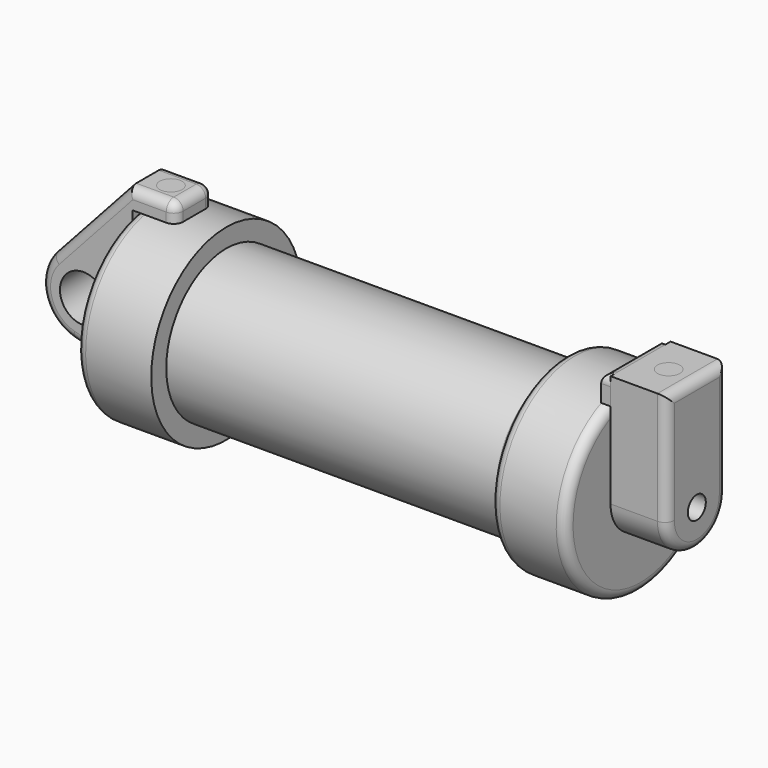
from build123d import *

# Parameters (mm, degrees)
F0_W     = 5.842
F0_H     = 12.7
F0_R     = 3.175
F2_DEPTH = 3.175
F3_R     = 1.524
F4_DEPTH = 7.62
F5_DEPTH = 1.27
F6_R     = 1.524
F7_DEPTH = 10.414
F8_R     = 1.524
F9_DEPTH = 17.78
F10_R    = 1.26999
F10_2_R  = 1.26999
F10_3_R  = 1.26999
F10_4_R  = 1.26999


# Not quite as in the source:
# - a fillet or chamfer is up to 0.001 mm smaller than in the source, because OpenCascade refuses the exact size


with BuildPart() as f1:
    # F0 (on Front) → F1 (revolve)
    with BuildSketch(Plane.XZ):
        Polygon((5.842, 12.7), (5.842, 0), (66.294, 0), (66.294, 12.7), (56.134, 12.7), (56.134, 10.16), (10.16, 10.16), (10.16, 12.7), align=None)
        with Locations((2.921, 6.35)):
            Rectangle(F0_W, F0_H)
    revolve(axis=Axis((33.147, 0, 0), (-1, 0, 0)))

    # F10 (radius 1.27 in the source; OpenCascade refuses exactly that, so slightly less here)
    f10_edges = [f1.edges().sort_by_distance(p)[0] for p in [
        (66.294, 0, -12.7),
        (0, 0, -12.7),
        (56.134, 0, -12.7),
        (56.134, 0, -10.16),
    ]]
    fillet(f10_edges, radius=F10_R)


with BuildPart() as f2:
    # F0 (on Front) → F2 (new body, symmetric)
    with BuildSketch(Plane.XZ):
        with BuildLine():
            Line((-0.9398, 0), (0, 0))
            Line((0, 0), (0, 12.7))
            Line((0, 12.7), (5.842, 12.7))
            Line((5.842, 12.7), (5.842, 15.24))
            Line((5.842, 15.24), (-0.508, 15.24))
            Line((-0.508, 15.24), (-10.8806298187, 3.8475430269))
            ThreePointArc((-10.8806298187, 3.8475430269), (-4.5919612295, 5.3297205562), (-0.9398, 0))
        make_face()
        with BuildLine():
            Line((5.842, 0), (0, 0))
            Line((0, 0), (-0.9398, 0))
            ThreePointArc((-0.9398, 0), (-3.1957909266, -4.5493385486), (-8.1826630726, -5.5069827884))
            Line((-8.1826630726, -5.5069827884), (5.842, -9.398))
            Line((5.842, -9.398), (5.842, 0))
        make_face()
        with BuildLine():
            ThreePointArc((-8.1826630726, -5.5069827884), (-3.1957909266, -4.5493385486), (-0.9398, 0))
            ThreePointArc((-0.9398, 0), (-4.5919612295, 5.3297205562), (-10.8806298187, 3.8475430269))
            ThreePointArc((-10.8806298187, 3.8475430269), (-12.1459778134, -1.5837270034), (-8.1826630726, -5.5069827884))
        make_face()
        with Locations((-6.6548, 0)):
            Circle(F0_R, mode=Mode.SUBTRACT)
    extrude(amount=F2_DEPTH, both=True)

    # F10#2 (radius 1.27 in the source; OpenCascade refuses exactly that, so slightly less here)
    f10_2_edges = [f2.edges().sort_by_distance(p)[0] for p in [
        (-12.145978, 3.175, -1.583727),
        (-5.694315, 3.175, 9.543772),
        (-5.694315, -3.175, 9.543772),
        (-12.145978, -3.175, -1.583727),
        (2.667, 3.175, 15.24),
        (2.667, -3.175, 15.24),
        (5.842, 0, 15.24),
        (5.842, -3.175, 13.97),
        (5.842, -3.175, -4.699),
        (5.842, 3.175, 13.97),
        (5.842, 3.175, -4.699),
        (-1.170332, 3.175, -7.452491),
        (-1.170332, -3.175, -7.452491),
    ]]
    fillet(f10_2_edges, radius=F10_2_R)


with BuildPart() as f4:
    # F3 (on face) → F4 (new body)
    with BuildSketch(Plane.YZ.offset(66.294)):
        with BuildLine():
            ThreePointArc((-5.08, 0), (0, -5.08), (5.08, 0))
            ThreePointArc((5.08, 0), (0, 5.08), (-5.08, 0))
        make_face()
        Circle(F3_R, mode=Mode.SUBTRACT)
        with BuildLine():
            ThreePointArc((-5.08, 0), (0, 5.08), (5.08, 0))
            Line((5.08, 0), (5.08, 15.24))
            Line((5.08, 15.24), (-5.08, 15.24))
            Line((-5.08, 15.24), (-5.08, 0))
        make_face()
    extrude(amount=F4_DEPTH)

    # F10#3 (radius 1.27 in the source; OpenCascade refuses exactly that, so slightly less here)
    f10_3_edges = [f4.edges().sort_by_distance(p)[0] for p in [
        (73.914, 5.08, 7.62),
        (73.914, 0, 15.24),
        (73.914, 0, -5.08),
        (73.914, -5.08, 7.62),
    ]]
    fillet(f10_3_edges, radius=F10_3_R)


with BuildPart() as f5:
    # F3 (on face) → F5 (new body)
    with BuildSketch(Plane.YZ.offset(66.294)):
        with BuildLine():
            ThreePointArc((-5.08, 11.6397422652), (0, 12.7), (5.08, 11.6397422652))
            Line((5.08, 11.6397422652), (5.08, 15.24))
            Line((5.08, 15.24), (-5.08, 15.24))
            Line((-5.08, 15.24), (-5.08, 11.6397422652))
        make_face()
    extrude(amount=-F5_DEPTH)

    # F10#4 (radius 1.27 in the source; OpenCascade refuses exactly that, so slightly less here)
    f10_4_edges = [f5.edges().sort_by_distance(p)[0] for p in [
        (65.024, 0, 15.24),
        (65.659, -5.08, 15.24),
        (65.659, 5.08, 15.24),
    ]]
    fillet(f10_4_edges, radius=F10_4_R)


with BuildPart() as f7:
    # F6 (on face) → F7 (new body)
    with BuildSketch(Plane.XY.offset(15.24)):
        with Locations((70.104, 0)):
            Circle(F6_R)
    extrude(amount=-F7_DEPTH)


with BuildPart() as f9:
    # F8 (on face) → F9 (new body)
    with BuildSketch(Plane.XY.offset(15.24)):
        with Locations((2.667, 0)):
            Circle(F8_R)
    extrude(amount=-F9_DEPTH)


solid = Compound([f1.part, f2.part, f4.part, f5.part, f7.part, f9.part])

Exercise prompt
Check each line above for the string "amount" and copy those that have it.

Expected output
    extrude(amount=F2_DEPTH, both=True)
    extrude(amount=F4_DEPTH)
    extrude(amount=-F5_DEPTH)
    extrude(amount=-F7_DEPTH)
    extrude(amount=-F9_DEPTH)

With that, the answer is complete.